• _What is being asked_
Repeat the lines of the data that follow, please, starting at the first and stopping after the one with "Line((9, 14.5), (-9, 14.5))".

• _Material provided_
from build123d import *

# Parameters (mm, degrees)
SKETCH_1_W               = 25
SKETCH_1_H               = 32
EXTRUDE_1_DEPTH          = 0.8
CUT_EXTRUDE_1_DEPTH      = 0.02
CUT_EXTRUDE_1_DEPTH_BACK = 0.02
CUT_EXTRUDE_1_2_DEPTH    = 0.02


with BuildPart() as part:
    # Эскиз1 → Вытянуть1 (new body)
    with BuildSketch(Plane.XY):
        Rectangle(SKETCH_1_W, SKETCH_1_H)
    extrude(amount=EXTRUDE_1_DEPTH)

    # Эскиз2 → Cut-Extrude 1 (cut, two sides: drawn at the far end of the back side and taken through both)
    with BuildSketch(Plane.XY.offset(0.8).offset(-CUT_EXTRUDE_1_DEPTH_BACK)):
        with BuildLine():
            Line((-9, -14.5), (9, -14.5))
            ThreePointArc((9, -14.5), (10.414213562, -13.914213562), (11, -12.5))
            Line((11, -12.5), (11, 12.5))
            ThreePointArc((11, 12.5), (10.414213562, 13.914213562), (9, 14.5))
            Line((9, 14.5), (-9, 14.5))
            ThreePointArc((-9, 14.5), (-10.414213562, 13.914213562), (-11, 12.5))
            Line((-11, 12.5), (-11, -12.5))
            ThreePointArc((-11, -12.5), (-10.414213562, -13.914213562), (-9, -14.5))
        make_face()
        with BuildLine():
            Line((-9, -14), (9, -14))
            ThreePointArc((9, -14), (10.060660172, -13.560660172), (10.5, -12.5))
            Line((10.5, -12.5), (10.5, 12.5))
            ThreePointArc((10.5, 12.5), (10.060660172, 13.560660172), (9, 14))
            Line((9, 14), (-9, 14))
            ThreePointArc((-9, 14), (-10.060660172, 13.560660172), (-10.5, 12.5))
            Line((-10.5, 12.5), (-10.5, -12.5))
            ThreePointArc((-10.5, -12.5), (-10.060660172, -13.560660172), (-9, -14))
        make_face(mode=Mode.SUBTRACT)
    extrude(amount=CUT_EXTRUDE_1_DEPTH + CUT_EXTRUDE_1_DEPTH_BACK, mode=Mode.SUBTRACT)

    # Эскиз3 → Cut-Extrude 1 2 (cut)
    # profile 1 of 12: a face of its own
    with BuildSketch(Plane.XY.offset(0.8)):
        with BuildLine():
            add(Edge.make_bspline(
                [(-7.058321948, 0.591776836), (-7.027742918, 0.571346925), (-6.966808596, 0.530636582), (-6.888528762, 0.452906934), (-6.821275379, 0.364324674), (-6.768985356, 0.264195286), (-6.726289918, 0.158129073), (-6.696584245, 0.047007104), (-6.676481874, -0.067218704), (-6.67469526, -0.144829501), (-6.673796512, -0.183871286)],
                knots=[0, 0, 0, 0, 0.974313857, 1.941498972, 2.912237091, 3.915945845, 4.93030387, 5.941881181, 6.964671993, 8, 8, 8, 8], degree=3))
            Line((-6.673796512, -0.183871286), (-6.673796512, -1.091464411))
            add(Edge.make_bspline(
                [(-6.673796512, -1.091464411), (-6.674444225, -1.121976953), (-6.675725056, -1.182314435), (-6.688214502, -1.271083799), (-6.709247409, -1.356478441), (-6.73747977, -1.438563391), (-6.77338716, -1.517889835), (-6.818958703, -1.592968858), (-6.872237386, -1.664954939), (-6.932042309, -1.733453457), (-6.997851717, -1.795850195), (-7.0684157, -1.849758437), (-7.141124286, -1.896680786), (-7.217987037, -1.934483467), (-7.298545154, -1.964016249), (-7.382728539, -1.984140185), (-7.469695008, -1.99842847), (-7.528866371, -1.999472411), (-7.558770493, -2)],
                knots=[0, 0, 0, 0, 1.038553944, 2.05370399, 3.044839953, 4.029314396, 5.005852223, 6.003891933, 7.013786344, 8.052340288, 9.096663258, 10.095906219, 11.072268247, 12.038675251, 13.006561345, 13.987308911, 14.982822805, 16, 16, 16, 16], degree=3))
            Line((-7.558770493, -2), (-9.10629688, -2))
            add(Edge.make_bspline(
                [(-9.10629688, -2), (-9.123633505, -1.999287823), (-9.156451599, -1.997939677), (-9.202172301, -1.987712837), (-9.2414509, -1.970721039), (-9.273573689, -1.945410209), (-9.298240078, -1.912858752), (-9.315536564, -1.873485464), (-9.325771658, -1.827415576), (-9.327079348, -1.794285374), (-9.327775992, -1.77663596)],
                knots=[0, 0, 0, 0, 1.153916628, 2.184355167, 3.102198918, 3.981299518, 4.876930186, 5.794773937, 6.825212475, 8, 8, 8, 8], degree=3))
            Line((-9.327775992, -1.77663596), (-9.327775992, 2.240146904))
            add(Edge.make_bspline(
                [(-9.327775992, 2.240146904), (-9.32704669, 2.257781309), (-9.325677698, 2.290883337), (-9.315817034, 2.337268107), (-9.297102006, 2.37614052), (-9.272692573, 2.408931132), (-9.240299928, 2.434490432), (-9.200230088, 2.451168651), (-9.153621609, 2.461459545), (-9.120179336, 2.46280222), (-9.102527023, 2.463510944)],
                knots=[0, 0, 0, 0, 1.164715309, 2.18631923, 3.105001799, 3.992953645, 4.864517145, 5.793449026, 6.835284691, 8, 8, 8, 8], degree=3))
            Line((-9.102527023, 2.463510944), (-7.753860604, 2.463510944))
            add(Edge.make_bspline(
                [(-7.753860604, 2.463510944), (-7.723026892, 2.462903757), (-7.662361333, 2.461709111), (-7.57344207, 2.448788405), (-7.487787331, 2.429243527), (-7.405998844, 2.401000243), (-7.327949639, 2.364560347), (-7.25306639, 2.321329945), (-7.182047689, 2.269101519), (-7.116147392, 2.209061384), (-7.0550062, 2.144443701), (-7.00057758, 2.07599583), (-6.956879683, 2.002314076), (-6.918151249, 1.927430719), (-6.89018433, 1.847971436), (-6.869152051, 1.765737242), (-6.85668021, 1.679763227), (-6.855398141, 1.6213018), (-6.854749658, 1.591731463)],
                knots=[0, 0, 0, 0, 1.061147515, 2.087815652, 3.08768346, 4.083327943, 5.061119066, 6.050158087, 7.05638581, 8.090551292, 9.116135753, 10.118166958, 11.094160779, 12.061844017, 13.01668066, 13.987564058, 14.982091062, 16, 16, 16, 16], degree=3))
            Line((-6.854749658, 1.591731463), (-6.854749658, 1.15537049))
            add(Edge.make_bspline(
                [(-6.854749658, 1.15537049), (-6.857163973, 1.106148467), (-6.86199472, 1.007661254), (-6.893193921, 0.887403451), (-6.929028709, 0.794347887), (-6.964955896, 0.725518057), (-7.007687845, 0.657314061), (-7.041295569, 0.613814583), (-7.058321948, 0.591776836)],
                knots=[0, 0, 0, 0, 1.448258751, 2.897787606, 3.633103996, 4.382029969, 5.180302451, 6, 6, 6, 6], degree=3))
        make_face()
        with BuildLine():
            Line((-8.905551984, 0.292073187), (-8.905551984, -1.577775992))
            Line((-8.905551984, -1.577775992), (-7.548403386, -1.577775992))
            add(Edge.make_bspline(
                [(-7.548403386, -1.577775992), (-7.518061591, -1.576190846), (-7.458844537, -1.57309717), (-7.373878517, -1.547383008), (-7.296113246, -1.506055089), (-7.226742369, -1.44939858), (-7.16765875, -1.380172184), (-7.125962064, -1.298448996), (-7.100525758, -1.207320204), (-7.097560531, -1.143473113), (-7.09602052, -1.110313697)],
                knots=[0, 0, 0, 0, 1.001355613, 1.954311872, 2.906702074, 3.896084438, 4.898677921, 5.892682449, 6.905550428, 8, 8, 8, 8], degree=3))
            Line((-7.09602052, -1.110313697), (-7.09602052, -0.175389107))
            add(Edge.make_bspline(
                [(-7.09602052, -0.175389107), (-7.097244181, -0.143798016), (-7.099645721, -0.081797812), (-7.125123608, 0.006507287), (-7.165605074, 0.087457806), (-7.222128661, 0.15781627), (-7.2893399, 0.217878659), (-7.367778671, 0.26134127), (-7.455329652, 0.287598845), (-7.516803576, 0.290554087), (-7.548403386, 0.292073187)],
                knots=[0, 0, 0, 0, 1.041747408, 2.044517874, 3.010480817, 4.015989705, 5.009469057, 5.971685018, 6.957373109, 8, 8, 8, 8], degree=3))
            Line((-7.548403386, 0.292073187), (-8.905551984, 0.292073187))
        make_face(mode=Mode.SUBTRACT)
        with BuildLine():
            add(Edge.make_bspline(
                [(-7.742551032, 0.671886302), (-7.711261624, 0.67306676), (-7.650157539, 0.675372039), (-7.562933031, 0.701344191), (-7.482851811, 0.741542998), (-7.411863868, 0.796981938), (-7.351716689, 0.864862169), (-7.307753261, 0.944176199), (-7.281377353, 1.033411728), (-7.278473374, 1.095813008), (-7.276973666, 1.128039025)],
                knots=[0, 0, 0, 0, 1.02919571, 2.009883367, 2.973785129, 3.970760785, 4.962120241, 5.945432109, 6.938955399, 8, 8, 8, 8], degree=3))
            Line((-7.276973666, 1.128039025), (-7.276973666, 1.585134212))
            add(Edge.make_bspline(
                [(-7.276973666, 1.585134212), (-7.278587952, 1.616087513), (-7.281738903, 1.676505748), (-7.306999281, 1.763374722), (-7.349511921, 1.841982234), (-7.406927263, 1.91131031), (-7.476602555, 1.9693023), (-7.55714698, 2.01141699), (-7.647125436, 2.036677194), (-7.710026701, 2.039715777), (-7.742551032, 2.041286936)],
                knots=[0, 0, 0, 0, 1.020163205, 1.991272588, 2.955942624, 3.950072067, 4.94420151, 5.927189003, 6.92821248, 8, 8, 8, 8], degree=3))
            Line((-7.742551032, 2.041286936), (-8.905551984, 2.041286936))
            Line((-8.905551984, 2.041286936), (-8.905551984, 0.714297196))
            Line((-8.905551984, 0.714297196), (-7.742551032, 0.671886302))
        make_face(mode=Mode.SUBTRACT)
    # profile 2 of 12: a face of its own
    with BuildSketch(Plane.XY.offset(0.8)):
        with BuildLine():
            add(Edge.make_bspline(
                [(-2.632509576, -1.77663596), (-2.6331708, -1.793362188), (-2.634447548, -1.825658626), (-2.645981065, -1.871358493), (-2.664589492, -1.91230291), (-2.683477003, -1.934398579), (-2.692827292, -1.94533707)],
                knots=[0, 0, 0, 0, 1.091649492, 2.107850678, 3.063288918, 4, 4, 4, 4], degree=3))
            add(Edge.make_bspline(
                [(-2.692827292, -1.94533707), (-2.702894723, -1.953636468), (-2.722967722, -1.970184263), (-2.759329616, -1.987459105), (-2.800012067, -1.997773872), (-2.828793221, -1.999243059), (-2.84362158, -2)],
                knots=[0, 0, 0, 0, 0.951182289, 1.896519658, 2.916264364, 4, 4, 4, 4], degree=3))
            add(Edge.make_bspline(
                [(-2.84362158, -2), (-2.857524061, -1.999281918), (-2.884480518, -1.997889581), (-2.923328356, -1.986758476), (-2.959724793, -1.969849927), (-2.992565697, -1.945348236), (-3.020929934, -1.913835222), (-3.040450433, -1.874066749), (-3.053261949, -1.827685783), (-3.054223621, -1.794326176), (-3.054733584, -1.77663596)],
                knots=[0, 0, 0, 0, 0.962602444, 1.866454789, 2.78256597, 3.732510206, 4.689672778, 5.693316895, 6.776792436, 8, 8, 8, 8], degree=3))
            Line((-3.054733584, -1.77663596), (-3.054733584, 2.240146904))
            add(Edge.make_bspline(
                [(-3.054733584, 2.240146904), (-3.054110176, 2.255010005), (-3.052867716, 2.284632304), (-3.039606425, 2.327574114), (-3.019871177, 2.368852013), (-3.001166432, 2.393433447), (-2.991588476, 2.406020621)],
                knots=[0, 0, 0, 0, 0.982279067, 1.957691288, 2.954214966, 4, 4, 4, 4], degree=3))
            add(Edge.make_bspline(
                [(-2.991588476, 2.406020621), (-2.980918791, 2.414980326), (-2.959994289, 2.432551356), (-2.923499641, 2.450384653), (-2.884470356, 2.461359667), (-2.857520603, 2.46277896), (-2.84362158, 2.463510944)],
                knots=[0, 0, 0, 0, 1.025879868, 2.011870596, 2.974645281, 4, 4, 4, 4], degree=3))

• _Answer area_
from build123d import *

# Parameters (mm, degrees)
SKETCH_1_W               = 25
SKETCH_1_H               = 32
EXTRUDE_1_DEPTH          = 0.8
CUT_EXTRUDE_1_DEPTH      = 0.02
CUT_EXTRUDE_1_DEPTH_BACK = 0.02
CUT_EXTRUDE_1_2_DEPTH    = 0.02


with BuildPart() as part:
    # Эскиз1 → Вытянуть1 (new body)
    with BuildSketch(Plane.XY):
        Rectangle(SKETCH_1_W, SKETCH_1_H)
    extrude(amount=EXTRUDE_1_DEPTH)

    # Эскиз2 → Cut-Extrude 1 (cut, two sides: drawn at the far end of the back side and taken through both)
    with BuildSketch(Plane.XY.offset(0.8).offset(-CUT_EXTRUDE_1_DEPTH_BACK)):
        with BuildLine():
            Line((-9, -14.5), (9, -14.5))
            ThreePointArc((9, -14.5), (10.414213562, -13.914213562), (11, -12.5))
            Line((11, -12.5), (11, 12.5))
            ThreePointArc((11, 12.5), (10.414213562, 13.914213562), (9, 14.5))
            Line((9, 14.5), (-9, 14.5))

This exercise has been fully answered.